## MATERIAL PROVIDED
┌──

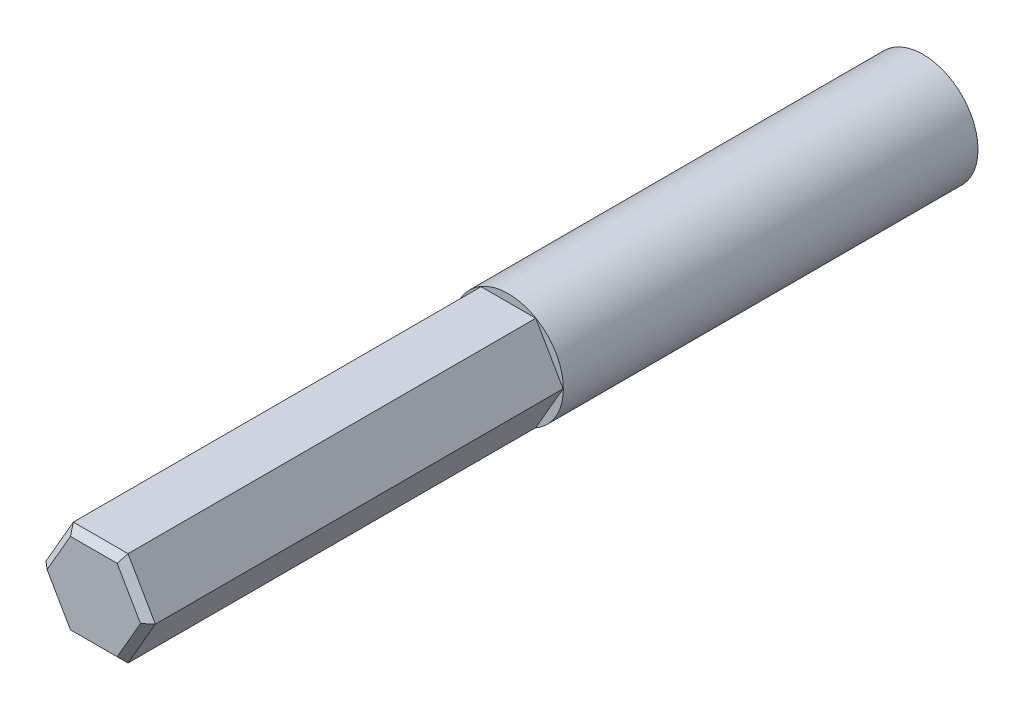
SolidWorks part; units mm, degrees
material "PETG"
ref_plane "Front Plane" through (0, 0, 0) normal (0, 0, 1) x (1, 0, 0)
ref_plane "Top Plane" through (0, 0, 0) normal (0, 1, 0) x (1, 0, 0)
ref_plane "Right Plane" through (0, 0, 0) normal (1, 0, 0) x (0, 0, -1)
sketch "Sketch1" plane through (0, 0, 0) normal (0, 0, 1) x (1, 0, 0)
  circle A0 centre (0, 0) radius 3.975
  dimension "Shaft Dia" = 7.95
extrude "Boss-Extrude1" add sketch "Sketch1" along normal blind 30
sketch "Sketch2" plane through (0, 0, 30) normal (0, 0, 1) x (1, 0, 0)
  line L1 (4, 0) -> (2, 3.4641) construction
  line L2 (2, 3.4641) -> (-2, 3.4641) construction
  line L3 (-2, 3.4641) -> (-4, 0) construction
  line L4 (-4, 0) -> (-2, -3.4641) construction
  line L5 (-2, -3.4641) -> (2, -3.4641) construction
  line L6 (2, -3.4641) -> (4, 0) construction
  line L7 (3.9567, 0) -> (1.9783, 3.4266)
  line L8 (1.9783, 3.4266) -> (-1.9783, 3.4266)
  line L9 (-1.9783, 3.4266) -> (-3.9567, 0)
  line L10 (-3.9567, 0) -> (-1.9783, -3.4266)
  line L11 (-1.9783, -3.4266) -> (1.9783, -3.4266)
  line L12 (1.9783, -3.4266) -> (3.9567, 0)
  circle A0 centre (0, 0) radius 3.4641 construction
  circle A1 centre (0, 0) radius 3.4266 construction
  dimension "Hex Circumscribed Nominal Dia" = 8
  dimension "Hex Flat To Flat Offset" = 0.0375
extrude "Boss-Extrude2" add sketch "Sketch2" along normal blind 30
chamfer "Chamfer2" distance 0.5 angle 45 6 edges at (0, -3.4266, 60) (-2.9675, -1.7133, 60) (-2.9675, 1.7133, 60) (0, 3.4266, 60) (2.9675, 1.7133, 60) (2.9675, -1.7133, 60)
equation "\"tol_dia_id_intfc\" = 0.0500mm ' For hole diameters - Interference fit"
equation "\"tol_dia_id_slip\"  = 0.0750mm ' For hole diameters - Slip fit"
equation "\"tol_dia_id_clear\" = 0.1000mm ' For hole diameters - Clearance fit"
equation "\"tol_dia_od_intfc\" = 0.0500mm ' For shaft diameters - Interference fit"
equation "\"tol_dia_od_slip\"  = 0.0750mm ' For shaft diameters - Slip fit"
equation "\"tol_dia_od_clear\" = 0.1000mm ' For shaft diameters - Clearance fit"
equation "\"tol_general_intfc\"= 0.0250mm ' For general parts (Horiz) - Interference fit"
equation "\"tol_general_slip\" = 0.0375mm ' For general parts (Horiz) - Slip fit"
equation "\"tol_general_clear\"= 0.0500mm ' For general parts (Horiz) - Clearance fit"
equation "\"tol_layer_intfc\"  = 0.0250mm ' For all parts (Vert) - Interference fit"
equation "\"tol_layer_slip\"   = 0.0375mm ' For all parts (Vert) - Slip fit"
equation "\"tol_layer_clear\"  = 0.0500mm ' For all parts (Vert) - Clearance fit"
equation "\"tol_corner_rad\"   = 0.100mm ' For corners that fit into other parts"
equation "\"Shaft Dia@Sketch1\" = \"nominal_dia\" - \"tol_dia_od_intfc\""
equation "\"nominal_dia\"= 8.00mm"
equation "\"Hex Circumscribed Nominal Dia@Sketch2\" = \"nominal_dia\""
equation "\"Hex Flat To Flat Offset@Sketch2\"=\"tol_general_slip\""
equation "\"D1@Fillet1\"=\"tol_corner_rad\""

└──

## WORK REQUEST
In the copy, include each line from the start of the material through the line with "line L2 (2, 3.4641)", word for word, but none of the pictures.

## SOLUTION TO THE EXERCISE
SolidWorks part; units mm, degrees
material "PETG"
ref_plane "Front Plane" through (0, 0, 0) normal (0, 0, 1) x (1, 0, 0)
ref_plane "Top Plane" through (0, 0, 0) normal (0, 1, 0) x (1, 0, 0)
ref_plane "Right Plane" through (0, 0, 0) normal (1, 0, 0) x (0, 0, -1)
sketch "Sketch1" plane through (0, 0, 0) normal (0, 0, 1) x (1, 0, 0)
  circle A0 centre (0, 0) radius 3.975
  dimension "Shaft Dia" = 7.95
extrude "Boss-Extrude1" add sketch "Sketch1" along normal blind 30
sketch "Sketch2" plane through (0, 0, 30) normal (0, 0, 1) x (1, 0, 0)
  line L1 (4, 0) -> (2, 3.4641) construction
  line L2 (2, 3.4641) -> (-2, 3.4641) construction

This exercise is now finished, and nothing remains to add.